2. The method of claim 1, wherein the performance of the first set of tasks comprises generation of code by the coder agent.

3. The method of claim 1, wherein the performance of the first set of tasks comprises evaluation of code generated by the coder agent by the critic agent.

4. The method of claim 1, wherein the performance of the first set of tasks comprises generation of tests by the test writer agent

5. The method of claim 1, wherein the performance of the first set of tasks comprises identification of one or more bugs by the debugger agent in code generated by the coder agent.

6. The method of claim 1, wherein the one or more requirements are generated by a requirements refiner agent based on one or more requested requirements.

7. The method of claim 1, wherein the one or more context are provided by a code context agent based on the codebase.

8. The method of claim 1, wherein the set of agents communicate via a shared message thread.

9. The method of claim 1, wherein the first set of tasks is generated by a planner agent and an engineer lead agent.

10. The method of claim 1, wherein each agent in the set of agents is configured based on a configuration file.

11. The method of claim 1, wherein each task in the first set of tasks is associated with a set of task attributes.

12. The method of claim 1, wherein the performance of the first set of tasks is based on a workflow configured based on a configuration file.

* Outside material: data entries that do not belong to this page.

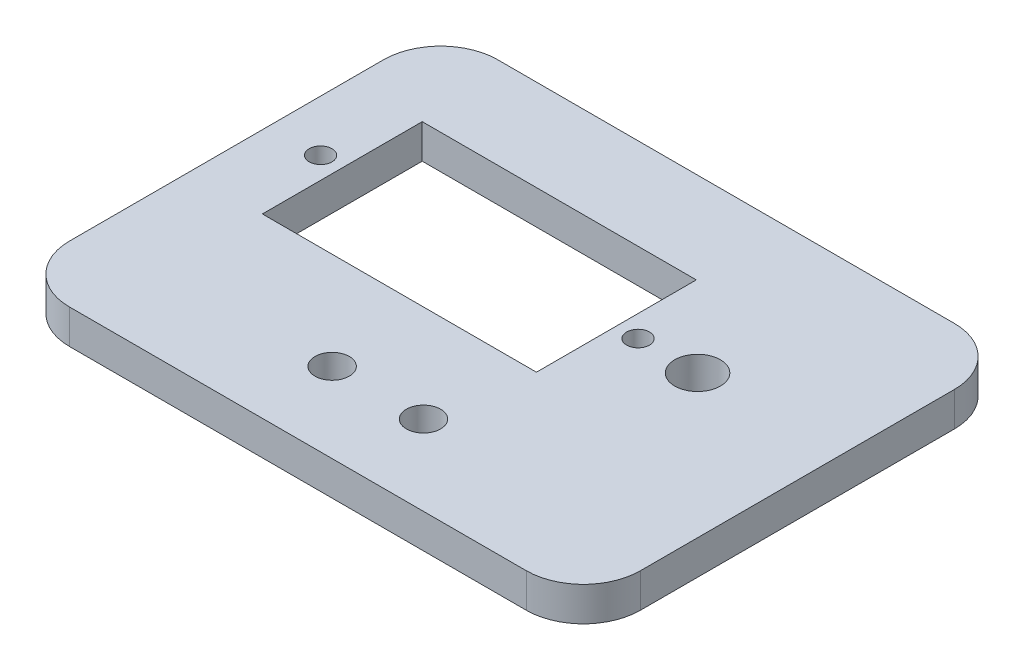
ISO-10303-21;
HEADER;
FILE_DESCRIPTION(('STEP AP214'),'2;1');
FILE_NAME('part.step','',(''),(''),'','','');
FILE_SCHEMA(('AUTOMOTIVE_DESIGN { 1 0 10303 214 1 1 1 1 }'));
ENDSEC;
DATA;
#1=APPLICATION_CONTEXT('core data for automotive mechanical design processes');
#2=APPLICATION_PROTOCOL_DEFINITION('international standard','automotive_design',2000,#1);
#3=PRODUCT_CONTEXT('',#1,'mechanical');
#4=PRODUCT('Part','Part','',(#3));
#5=PRODUCT_RELATED_PRODUCT_CATEGORY('part','',(#4));
#6=PRODUCT_DEFINITION_FORMATION('','',#4);
#7=PRODUCT_DEFINITION_CONTEXT('part definition',#1,'design');
#8=PRODUCT_DEFINITION('design','',#6,#7);
#9=PRODUCT_DEFINITION_SHAPE('','',#8);
#10=(LENGTH_UNIT() NAMED_UNIT(*) SI_UNIT(.MILLI.,.METRE.));
#11=(NAMED_UNIT(*) PLANE_ANGLE_UNIT() SI_UNIT($,.RADIAN.));
#12=(NAMED_UNIT(*) SI_UNIT($,.STERADIAN.) SOLID_ANGLE_UNIT());
#13=UNCERTAINTY_MEASURE_WITH_UNIT(LENGTH_MEASURE(1.E-05),#10,'distance_accuracy_value','');
#14=(GEOMETRIC_REPRESENTATION_CONTEXT(3) GLOBAL_UNCERTAINTY_ASSIGNED_CONTEXT((#13)) GLOBAL_UNIT_ASSIGNED_CONTEXT((#10,
#11,#12)) REPRESENTATION_CONTEXT('',''));
#15=CARTESIAN_POINT('',(0.,0.,0.));
#16=DIRECTION('',(0.,0.,1.));
#17=DIRECTION('',(1.,0.,0.));
#18=AXIS2_PLACEMENT_3D('',#15,#16,#17);
#19=CARTESIAN_POINT('',(0.,3.,0.));
#20=DIRECTION('',(0.,-1.,0.));
#21=DIRECTION('',(0.,0.,-1.));
#22=AXIS2_PLACEMENT_3D('',#19,#20,#21);
#23=PLANE('',#22);
#24=CARTESIAN_POINT('',(12.5,3.,-3.75000000000001));
#25=DIRECTION('',(0.,1.,0.));
#26=DIRECTION('',(0.,0.,1.));
#27=AXIS2_PLACEMENT_3D('',#24,#25,#26);
#28=CIRCLE('',#27,2.);
#29=CARTESIAN_POINT('',(12.5,3.,-1.75000000000001));
#30=VERTEX_POINT('',#29);
#31=EDGE_CURVE('E545',#30,#30,#28,.T.);
#32=ORIENTED_EDGE('',*,*,#31,.F.);
#33=EDGE_LOOP('',(#32));
#34=FACE_BOUND('',#33,.T.);
#35=CARTESIAN_POINT('',(-4.00000000000001,3.,11.75));
#36=DIRECTION('',(0.,1.,0.));
#37=DIRECTION('',(0.,0.,-1.));
#38=AXIS2_PLACEMENT_3D('',#35,#36,#37);
#39=CIRCLE('',#38,1.5);
#40=CARTESIAN_POINT('',(-4.00000000000001,3.,10.25));
#41=VERTEX_POINT('',#40);
#42=EDGE_CURVE('E191',#41,#41,#39,.T.);
#43=ORIENTED_EDGE('',*,*,#42,.F.);
#44=EDGE_LOOP('',(#43));
#45=FACE_BOUND('',#44,.T.);
#46=CARTESIAN_POINT('',(3.99999999999999,3.,11.75));
#47=DIRECTION('',(0.,1.,0.));
#48=DIRECTION('',(0.,0.,1.));
#49=AXIS2_PLACEMENT_3D('',#46,#47,#48);
#50=CIRCLE('',#49,1.5);
#51=CARTESIAN_POINT('',(3.99999999999999,3.,13.25));
#52=VERTEX_POINT('',#51);
#53=EDGE_CURVE('E199',#52,#52,#50,.T.);
#54=ORIENTED_EDGE('',*,*,#53,.F.);
#55=EDGE_LOOP('',(#54));
#56=FACE_BOUND('',#55,.T.);
#57=DIRECTION('',(-1.,0.,0.));
#58=VECTOR('',#57,1.);
#59=CARTESIAN_POINT('',(-25.,3.,-18.75));
#60=LINE('',#59,#58);
#61=CARTESIAN_POINT('',(20.,3.,-18.75));
#62=VERTEX_POINT('',#61);
#63=CARTESIAN_POINT('',(-20.,3.,-18.75));
#64=VERTEX_POINT('',#63);
#65=EDGE_CURVE('E211',#62,#64,#60,.T.);
#66=ORIENTED_EDGE('',*,*,#65,.T.);
#67=CARTESIAN_POINT('',(-20.,3.,-13.75));
#68=DIRECTION('',(0.,-1.,0.));
#69=DIRECTION('',(0.,0.,-1.));
#70=AXIS2_PLACEMENT_3D('',#67,#68,#69);
#71=CIRCLE('',#70,5.);
#72=CARTESIAN_POINT('',(-25.,3.,-13.75));
#73=VERTEX_POINT('',#72);
#74=EDGE_CURVE('E269',#64,#73,#71,.F.);
#75=ORIENTED_EDGE('',*,*,#74,.T.);
#76=DIRECTION('',(0.,0.,1.));
#77=VECTOR('',#76,1.);
#78=CARTESIAN_POINT('',(-25.,3.,18.75));
#79=LINE('',#78,#77);
#80=CARTESIAN_POINT('',(-25.,3.,13.75));
#81=VERTEX_POINT('',#80);
#82=EDGE_CURVE('E216',#73,#81,#79,.T.);
#83=ORIENTED_EDGE('',*,*,#82,.T.);
#84=CARTESIAN_POINT('',(-20.,3.,13.75));
#85=DIRECTION('',(0.,-1.,0.));
#86=DIRECTION('',(0.,0.,-1.));
#87=AXIS2_PLACEMENT_3D('',#84,#85,#86);
#88=CIRCLE('',#87,5.);
#89=CARTESIAN_POINT('',(-20.,3.,18.75));
#90=VERTEX_POINT('',#89);
#91=EDGE_CURVE('E65',#81,#90,#88,.F.);
#92=ORIENTED_EDGE('',*,*,#91,.T.);
#93=DIRECTION('',(1.,0.,0.));
#94=VECTOR('',#93,1.);
#95=CARTESIAN_POINT('',(-25.,3.,18.75));
#96=LINE('',#95,#94);
#97=CARTESIAN_POINT('',(20.,3.,18.75));
#98=VERTEX_POINT('',#97);
#99=EDGE_CURVE('E219',#90,#98,#96,.T.);
#100=ORIENTED_EDGE('',*,*,#99,.T.);
#101=CARTESIAN_POINT('',(20.,3.,13.75));
#102=DIRECTION('',(0.,-1.,0.));
#103=DIRECTION('',(0.,0.,-1.));
#104=AXIS2_PLACEMENT_3D('',#101,#102,#103);
#105=CIRCLE('',#104,5.);
#106=CARTESIAN_POINT('',(25.,3.,13.75));
#107=VERTEX_POINT('',#106);
#108=EDGE_CURVE('E263',#98,#107,#105,.F.);
#109=ORIENTED_EDGE('',*,*,#108,.T.);
#110=DIRECTION('',(0.,0.,-1.));
#111=VECTOR('',#110,1.);
#112=CARTESIAN_POINT('',(25.,3.,18.75));
#113=LINE('',#112,#111);
#114=CARTESIAN_POINT('',(25.,3.,-13.75));
#115=VERTEX_POINT('',#114);
#116=EDGE_CURVE('E207',#107,#115,#113,.T.);
#117=ORIENTED_EDGE('',*,*,#116,.T.);
#118=CARTESIAN_POINT('',(20.,3.,-13.75));
#119=DIRECTION('',(0.,-1.,0.));
#120=DIRECTION('',(0.,0.,-1.));
#121=AXIS2_PLACEMENT_3D('',#118,#119,#120);
#122=CIRCLE('',#121,5.);
#123=EDGE_CURVE('E266',#115,#62,#122,.F.);
#124=ORIENTED_EDGE('',*,*,#123,.T.);
#125=EDGE_LOOP('',(#66,#75,#83,#92,#100,#109,#117,#124));
#126=FACE_BOUND('',#125,.T.);
#127=DIRECTION('',(0.,0.,-1.));
#128=VECTOR('',#127,1.);
#129=CARTESIAN_POINT('',(5.39,3.,3.24999999999999));
#130=LINE('',#129,#128);
#131=CARTESIAN_POINT('',(5.39,3.,3.24999999999999));
#132=VERTEX_POINT('',#131);
#133=CARTESIAN_POINT('',(5.39,3.,-10.75));
#134=VERTEX_POINT('',#133);
#135=EDGE_CURVE('E135',#132,#134,#130,.T.);
#136=ORIENTED_EDGE('',*,*,#135,.F.);
#137=DIRECTION('',(1.,0.,0.));
#138=VECTOR('',#137,1.);
#139=CARTESIAN_POINT('',(-18.61,3.,3.24999999999999));
#140=LINE('',#139,#138);
#141=CARTESIAN_POINT('',(-18.61,3.,3.24999999999999));
#142=VERTEX_POINT('',#141);
#143=EDGE_CURVE('E165',#142,#132,#140,.T.);
#144=ORIENTED_EDGE('',*,*,#143,.F.);
#145=DIRECTION('',(0.,0.,1.));
#146=VECTOR('',#145,1.);
#147=CARTESIAN_POINT('',(-18.61,3.,3.24999999999999));
#148=LINE('',#147,#146);
#149=CARTESIAN_POINT('',(-18.61,3.,-10.75));
#150=VERTEX_POINT('',#149);
#151=EDGE_CURVE('E161',#150,#142,#148,.T.);
#152=ORIENTED_EDGE('',*,*,#151,.F.);
#153=DIRECTION('',(-1.,0.,0.));
#154=VECTOR('',#153,1.);
#155=CARTESIAN_POINT('',(-18.61,3.,-10.75));
#156=LINE('',#155,#154);
#157=EDGE_CURVE('E146',#134,#150,#156,.T.);
#158=ORIENTED_EDGE('',*,*,#157,.F.);
#159=EDGE_LOOP('',(#136,#144,#152,#158));
#160=FACE_BOUND('',#159,.T.);
#161=CARTESIAN_POINT('',(7.29,3.,-3.75000000000001));
#162=DIRECTION('',(0.,1.,0.));
#163=DIRECTION('',(0.,0.,1.));
#164=AXIS2_PLACEMENT_3D('',#161,#162,#163);
#165=CIRCLE('',#164,1.);
#166=CARTESIAN_POINT('',(7.29,3.,-2.75000000000001));
#167=VERTEX_POINT('',#166);
#168=EDGE_CURVE('E174',#167,#167,#165,.T.);
#169=ORIENTED_EDGE('',*,*,#168,.F.);
#170=EDGE_LOOP('',(#169));
#171=FACE_BOUND('',#170,.T.);
#172=CARTESIAN_POINT('',(-20.51,3.,-3.75000000000001));
#173=DIRECTION('',(0.,1.,0.));
#174=DIRECTION('',(0.,0.,-1.));
#175=AXIS2_PLACEMENT_3D('',#172,#173,#174);
#176=CIRCLE('',#175,1.);
#177=CARTESIAN_POINT('',(-20.51,3.,-4.75000000000001));
#178=VERTEX_POINT('',#177);
#179=EDGE_CURVE('E537',#178,#178,#176,.T.);
#180=ORIENTED_EDGE('',*,*,#179,.F.);
#181=EDGE_LOOP('',(#180));
#182=FACE_BOUND('',#181,.T.);
#183=ADVANCED_FACE('F43',(#34,#45,#56,#126,#160,#171,#182),#23,.F.);
#184=CARTESIAN_POINT('',(0.,0.,0.));
#185=DIRECTION('',(0.,-1.,0.));
#186=DIRECTION('',(0.,0.,-1.));
#187=AXIS2_PLACEMENT_3D('',#184,#185,#186);
#188=PLANE('',#187);
#189=CARTESIAN_POINT('',(12.5,0.,-3.75000000000001));
#190=DIRECTION('',(0.,-1.,0.));
#191=DIRECTION('',(0.,0.,-1.));
#192=AXIS2_PLACEMENT_3D('',#189,#190,#191);
#193=CIRCLE('',#192,2.);
#194=CARTESIAN_POINT('',(12.5,0.,-5.75));
#195=VERTEX_POINT('',#194);
#196=EDGE_CURVE('E47',#195,#195,#193,.T.);
#197=ORIENTED_EDGE('',*,*,#196,.F.);
#198=EDGE_LOOP('',(#197));
#199=FACE_BOUND('',#198,.T.);
#200=CARTESIAN_POINT('',(7.29,0.,-3.75000000000001));
#201=DIRECTION('',(0.,1.,0.));
#202=DIRECTION('',(0.,0.,1.));
#203=AXIS2_PLACEMENT_3D('',#200,#201,#202);
#204=CIRCLE('',#203,1.);
#205=CARTESIAN_POINT('',(7.29,0.,-2.75000000000001));
#206=VERTEX_POINT('',#205);
#207=EDGE_CURVE('E542',#206,#206,#204,.T.);
#208=ORIENTED_EDGE('',*,*,#207,.T.);
#209=EDGE_LOOP('',(#208));
#210=FACE_BOUND('',#209,.T.);
#211=CARTESIAN_POINT('',(3.99999999999999,0.,11.75));
#212=DIRECTION('',(0.,1.,0.));
#213=DIRECTION('',(0.,0.,1.));
#214=AXIS2_PLACEMENT_3D('',#211,#212,#213);
#215=CIRCLE('',#214,1.5);
#216=CARTESIAN_POINT('',(3.99999999999999,0.,13.25));
#217=VERTEX_POINT('',#216);
#218=EDGE_CURVE('E195',#217,#217,#215,.T.);
#219=ORIENTED_EDGE('',*,*,#218,.T.);
#220=EDGE_LOOP('',(#219));
#221=FACE_BOUND('',#220,.T.);
#222=DIRECTION('',(0.,0.,1.));
#223=VECTOR('',#222,1.);
#224=CARTESIAN_POINT('',(-25.,0.,18.75));
#225=LINE('',#224,#223);
#226=CARTESIAN_POINT('',(-25.,0.,-13.75));
#227=VERTEX_POINT('',#226);
#228=CARTESIAN_POINT('',(-25.,0.,13.75));
#229=VERTEX_POINT('',#228);
#230=EDGE_CURVE('E230',#227,#229,#225,.T.);
#231=ORIENTED_EDGE('',*,*,#230,.F.);
#232=CARTESIAN_POINT('',(-20.,0.,-13.75));
#233=DIRECTION('',(0.,-1.,0.));
#234=DIRECTION('',(0.,0.,-1.));
#235=AXIS2_PLACEMENT_3D('',#232,#233,#234);
#236=CIRCLE('',#235,5.);
#237=CARTESIAN_POINT('',(-20.,0.,-18.75));
#238=VERTEX_POINT('',#237);
#239=EDGE_CURVE('E251',#227,#238,#236,.T.);
#240=ORIENTED_EDGE('',*,*,#239,.T.);
#241=DIRECTION('',(-1.,0.,0.));
#242=VECTOR('',#241,1.);
#243=CARTESIAN_POINT('',(-25.,0.,-18.75));
#244=LINE('',#243,#242);
#245=CARTESIAN_POINT('',(20.,0.,-18.75));
#246=VERTEX_POINT('',#245);
#247=EDGE_CURVE('E226',#246,#238,#244,.T.);
#248=ORIENTED_EDGE('',*,*,#247,.F.);
#249=CARTESIAN_POINT('',(20.,0.,-13.75));
#250=DIRECTION('',(0.,-1.,0.));
#251=DIRECTION('',(0.,0.,-1.));
#252=AXIS2_PLACEMENT_3D('',#249,#250,#251);
#253=CIRCLE('',#252,5.);
#254=CARTESIAN_POINT('',(25.,0.,-13.75));
#255=VERTEX_POINT('',#254);
#256=EDGE_CURVE('E248',#246,#255,#253,.T.);
#257=ORIENTED_EDGE('',*,*,#256,.T.);
#258=DIRECTION('',(0.,0.,-1.));
#259=VECTOR('',#258,1.);
#260=CARTESIAN_POINT('',(25.,0.,18.75));
#261=LINE('',#260,#259);
#262=CARTESIAN_POINT('',(25.,0.,13.75));
#263=VERTEX_POINT('',#262);
#264=EDGE_CURVE('E203',#263,#255,#261,.T.);
#265=ORIENTED_EDGE('',*,*,#264,.F.);
#266=CARTESIAN_POINT('',(20.,0.,13.75));
#267=DIRECTION('',(0.,-1.,0.));
#268=DIRECTION('',(0.,0.,-1.));
#269=AXIS2_PLACEMENT_3D('',#266,#267,#268);
#270=CIRCLE('',#269,5.);
#271=CARTESIAN_POINT('',(20.,0.,18.75));
#272=VERTEX_POINT('',#271);
#273=EDGE_CURVE('E245',#263,#272,#270,.T.);
#274=ORIENTED_EDGE('',*,*,#273,.T.);
#275=DIRECTION('',(1.,0.,0.));
#276=VECTOR('',#275,1.);
#277=CARTESIAN_POINT('',(-25.,0.,18.75));
#278=LINE('',#277,#276);
#279=CARTESIAN_POINT('',(-20.,0.,18.75));
#280=VERTEX_POINT('',#279);
#281=EDGE_CURVE('E212',#280,#272,#278,.T.);
#282=ORIENTED_EDGE('',*,*,#281,.F.);
#283=CARTESIAN_POINT('',(-20.,0.,13.75));
#284=DIRECTION('',(0.,-1.,0.));
#285=DIRECTION('',(0.,0.,-1.));
#286=AXIS2_PLACEMENT_3D('',#283,#284,#285);
#287=CIRCLE('',#286,5.);
#288=EDGE_CURVE('E242',#280,#229,#287,.T.);
#289=ORIENTED_EDGE('',*,*,#288,.T.);
#290=EDGE_LOOP('',(#231,#240,#248,#257,#265,#274,#282,#289));
#291=FACE_BOUND('',#290,.T.);
#292=CARTESIAN_POINT('',(-4.00000000000001,0.,11.75));
#293=DIRECTION('',(0.,1.,0.));
#294=DIRECTION('',(0.,0.,-1.));
#295=AXIS2_PLACEMENT_3D('',#292,#293,#294);
#296=CIRCLE('',#295,1.5);
#297=CARTESIAN_POINT('',(-4.00000000000001,0.,10.25));
#298=VERTEX_POINT('',#297);
#299=EDGE_CURVE('E155',#298,#298,#296,.T.);
#300=ORIENTED_EDGE('',*,*,#299,.T.);
#301=EDGE_LOOP('',(#300));
#302=FACE_BOUND('',#301,.T.);
#303=DIRECTION('',(1.,0.,0.));
#304=VECTOR('',#303,1.);
#305=CARTESIAN_POINT('',(-18.61,0.,3.24999999999999));
#306=LINE('',#305,#304);
#307=CARTESIAN_POINT('',(-18.61,0.,3.24999999999999));
#308=VERTEX_POINT('',#307);
#309=CARTESIAN_POINT('',(5.39,0.,3.24999999999999));
#310=VERTEX_POINT('',#309);
#311=EDGE_CURVE('E147',#308,#310,#306,.T.);
#312=ORIENTED_EDGE('',*,*,#311,.T.);
#313=DIRECTION('',(0.,0.,-1.));
#314=VECTOR('',#313,1.);
#315=CARTESIAN_POINT('',(5.39,0.,3.24999999999999));
#316=LINE('',#315,#314);
#317=CARTESIAN_POINT('',(5.39,0.,-10.75));
#318=VERTEX_POINT('',#317);
#319=EDGE_CURVE('E171',#310,#318,#316,.T.);
#320=ORIENTED_EDGE('',*,*,#319,.T.);
#321=DIRECTION('',(-1.,0.,0.));
#322=VECTOR('',#321,1.);
#323=CARTESIAN_POINT('',(-18.61,0.,-10.75));
#324=LINE('',#323,#322);
#325=CARTESIAN_POINT('',(-18.61,0.,-10.75));
#326=VERTEX_POINT('',#325);
#327=EDGE_CURVE('E153',#318,#326,#324,.T.);
#328=ORIENTED_EDGE('',*,*,#327,.T.);
#329=DIRECTION('',(0.,0.,1.));
#330=VECTOR('',#329,1.);
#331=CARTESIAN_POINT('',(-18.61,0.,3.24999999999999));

13. The method of claim 1, further comprising:

determining which agents are included in the set of agents based on the first set of tasks; and

instantiating the set of agents at runtime.

14. The method of claim 1, further comprising:

evaluating the modified codebase satisfies one or more requested requirements; and

generating a second set of tasks based on the modified codebase as additional context.

15. The method of claim 1, further comprising:

receiving feedback associated with the modified codebase; and

generating a second set of tasks based on the feedback and the modified codebase.

16. A system comprising:

a requirements refiner agent configured to generate requirements based on requested requirements;

a code context agent configured to generate context based on a codebase;

a planner agent configured to generate a set of tasks based on the requirements and the context;

an engineer lead agent configured to generate a set of targets for the set of tasks based on the requirements and the context;

a coder agent configured to generate code based on the set of tasks;

a test writer agent configured to generate a test based on the set of tasks;

a critic agent configured to evaluate the code based on the test;

a debugger agent configured to evaluate the code based on the set of tasks;

a shared message thread configured to facilitate communication between the coder agent, the test writer agent, the critic agent, and the debugger agent.

17. The system of claim 16, further comprising:

a vector database configured to store contextually labeled code provided by the code context agent.

18. The system of claim 16, wherein the planner agent and the engineer lead agent are further configured to collaboratively generate a functional/technical plan.

19. A non-transitory computer-readable storage medium including instructions that, when executed by at least one processor of a computing system, cause the computing system to perform:

generating a first set of tasks based on one or more requirements and one or more context;

generating a script for modification of a codebase based on performance of the set of tasks by a set of agents comprising a coder agent, a critic agent, a test writer agent, and a debugger agent; and

modifying the codebase based on the script.

20. The non-transitory computer-readable storage medium of claim 19, wherein the performance of the first set of tasks comprises generation of code by the coder agent, evaluation of the code generated by the coder agent by the critic agent, generation of tests by the test writer agent, and identification of one or more bugs by the debugger agent in the code generated by the coder agent.